| Goal of the exercise |
Reproduce the records precisely. Omit every picture.

Records excerpted from a collection

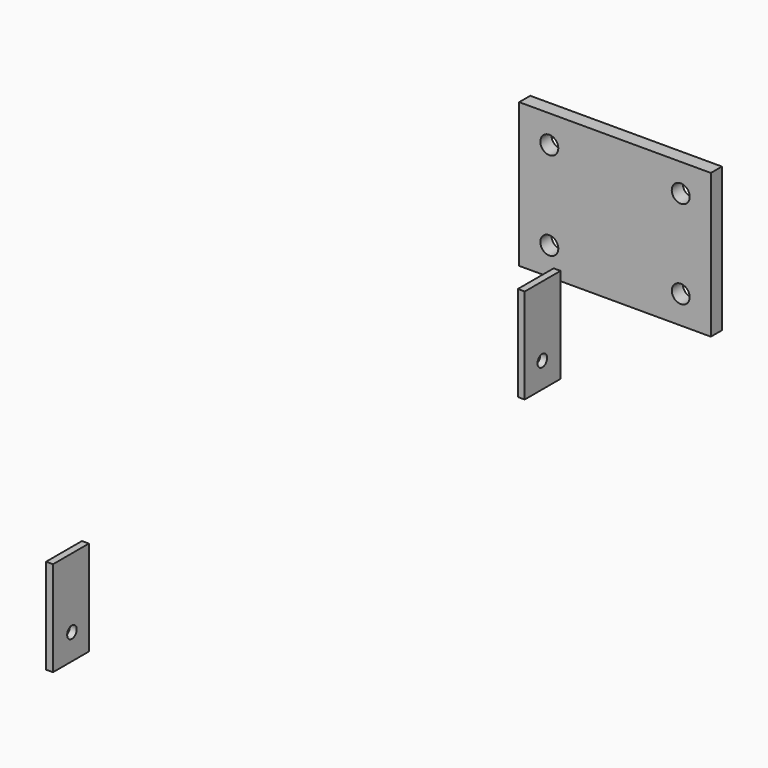
from build123d import *

# Parameters (mm, degrees)
F1_DEPTH  = 2.54
F3_D      = 6.6
F7_W      = 16.4503324777
F7_H      = 34.9378818646
F8_DEPTH  = 1.27
F10_D     = 4.4
F11_W     = 16.4503324777
F11_H     = 34.9378818646
F12_DEPTH = 1.27
F14_D     = 4.4


# Not quite as in the source:
# - the program builds the solid bodies; features that only make, move or delete a surface that nothing else refers to are left out


with BuildPart() as f1:
    # F0 (on Front) → F1 (new body, symmetric)
    with BuildSketch(Plane.XZ):
        Polygon((-25.0618057636, 18.8499050002), (-35.2113864935, 26.4837776091), (-35.2113864935, -26.4837776091), (0, 0), align=None)
        Polygon((35.2113864935, 26.4837776091), (-35.2113864935, 26.4837776091), (-25.0618057636, 18.8499050002), (0, 0), align=None)
        Polygon((35.2113864935, -26.4837776091), (35.2113864935, 26.4837776091), (0, 0), align=None)
        Polygon((0, 0), (-35.2113864935, -26.4837776091), (35.2113864935, -26.4837776091), align=None)
    extrude(amount=F1_DEPTH, both=True)

    # F3 (through all)
    with Locations(Plane.XZ.offset(2.54)):
        with Locations((-24.1408664733, 16.2348244339), (24.1408664733, 16.2348244339), (24.1408664733, -16.2348244339), (-24.1408664733, -16.2348244339)):
            Hole(F3_D / 2)


with BuildPart() as f8:
    # F7 (on Right) → F8 (new body, symmetric)
    with BuildSketch(Plane.YZ):
        with Locations((-37.3634537682, -22.8809299879)):
            Rectangle(F7_W, F7_H)
    extrude(amount=F8_DEPTH, both=True)

    # F10 (through all)
    with Locations(Plane(origin=(-1.27, 0, 0), x_dir=(0, -1, 0), z_dir=(-1, 0, 0))):
        with Locations((37.5186465681, -31.0383625329)):
            Hole(F10_D / 2)


with BuildPart() as f12:
    # F11 (on Right) → F12 (new body, symmetric)
    with BuildSketch(Plane.YZ):
        with Locations((-254.0175085887, -23.0186316185)):
            Rectangle(F11_W, F11_H)
    extrude(amount=F12_DEPTH, both=True)

    # F14 (through all)
    with Locations(Plane(origin=(-1.27, 0, 0), x_dir=(0, -1, 0), z_dir=(-1, 0, 0))):
        with Locations((253.5456418991, -31.0383625329)):
            Hole(F14_D / 2)


solid = Compound([f1.part, f8.part, f12.part])

| Written response |
from build123d import *

# Parameters (mm, degrees)
F1_DEPTH  = 2.54
F3_D      = 6.6
F7_W      = 16.4503324777
F7_H      = 34.9378818646
F8_DEPTH  = 1.27
F10_D     = 4.4
F11_W     = 16.4503324777
F11_H     = 34.9378818646
F12_DEPTH = 1.27
F14_D     = 4.4


# Not quite as in the source:
# - the program builds the solid bodies; features that only make, move or delete a surface that nothing else refers to are left out


with BuildPart() as f1:
    # F0 (on Front) → F1 (new body, symmetric)
    with BuildSketch(Plane.XZ):
        Polygon((-25.0618057636, 18.8499050002), (-35.2113864935, 26.4837776091), (-35.2113864935, -26.4837776091), (0, 0), align=None)
        Polygon((35.2113864935, 26.4837776091), (-35.2113864935, 26.4837776091), (-25.0618057636, 18.8499050002), (0, 0), align=None)
        Polygon((35.2113864935, -26.4837776091), (35.2113864935, 26.4837776091), (0, 0), align=None)
        Polygon((0, 0), (-35.2113864935, -26.4837776091), (35.2113864935, -26.4837776091), align=None)
    extrude(amount=F1_DEPTH, both=True)

    # F3 (through all)
    with Locations(Plane.XZ.offset(2.54)):
        with Locations((-24.1408664733, 16.2348244339), (24.1408664733, 16.2348244339), (24.1408664733, -16.2348244339), (-24.1408664733, -16.2348244339)):
            Hole(F3_D / 2)


with BuildPart() as f8:
    # F7 (on Right) → F8 (new body, symmetric)
    with BuildSketch(Plane.YZ):
        with Locations((-37.3634537682, -22.8809299879)):
            Rectangle(F7_W, F7_H)
    extrude(amount=F8_DEPTH, both=True)

    # F10 (through all)
    with Locations(Plane(origin=(-1.27, 0, 0), x_dir=(0, -1, 0), z_dir=(-1, 0, 0))):
        with Locations((37.5186465681, -31.0383625329)):
            Hole(F10_D / 2)


with BuildPart() as f12:
    # F11 (on Right) → F12 (new body, symmetric)
    with BuildSketch(Plane.YZ):
        with Locations((-254.0175085887, -23.0186316185)):
            Rectangle(F11_W, F11_H)
    extrude(amount=F12_DEPTH, both=True)

    # F14 (through all)
    with Locations(Plane(origin=(-1.27, 0, 0), x_dir=(0, -1, 0), z_dir=(-1, 0, 0))):
        with Locations((253.5456418991, -31.0383625329)):
            Hole(F14_D / 2)


solid = Compound([f1.part, f8.part, f12.part])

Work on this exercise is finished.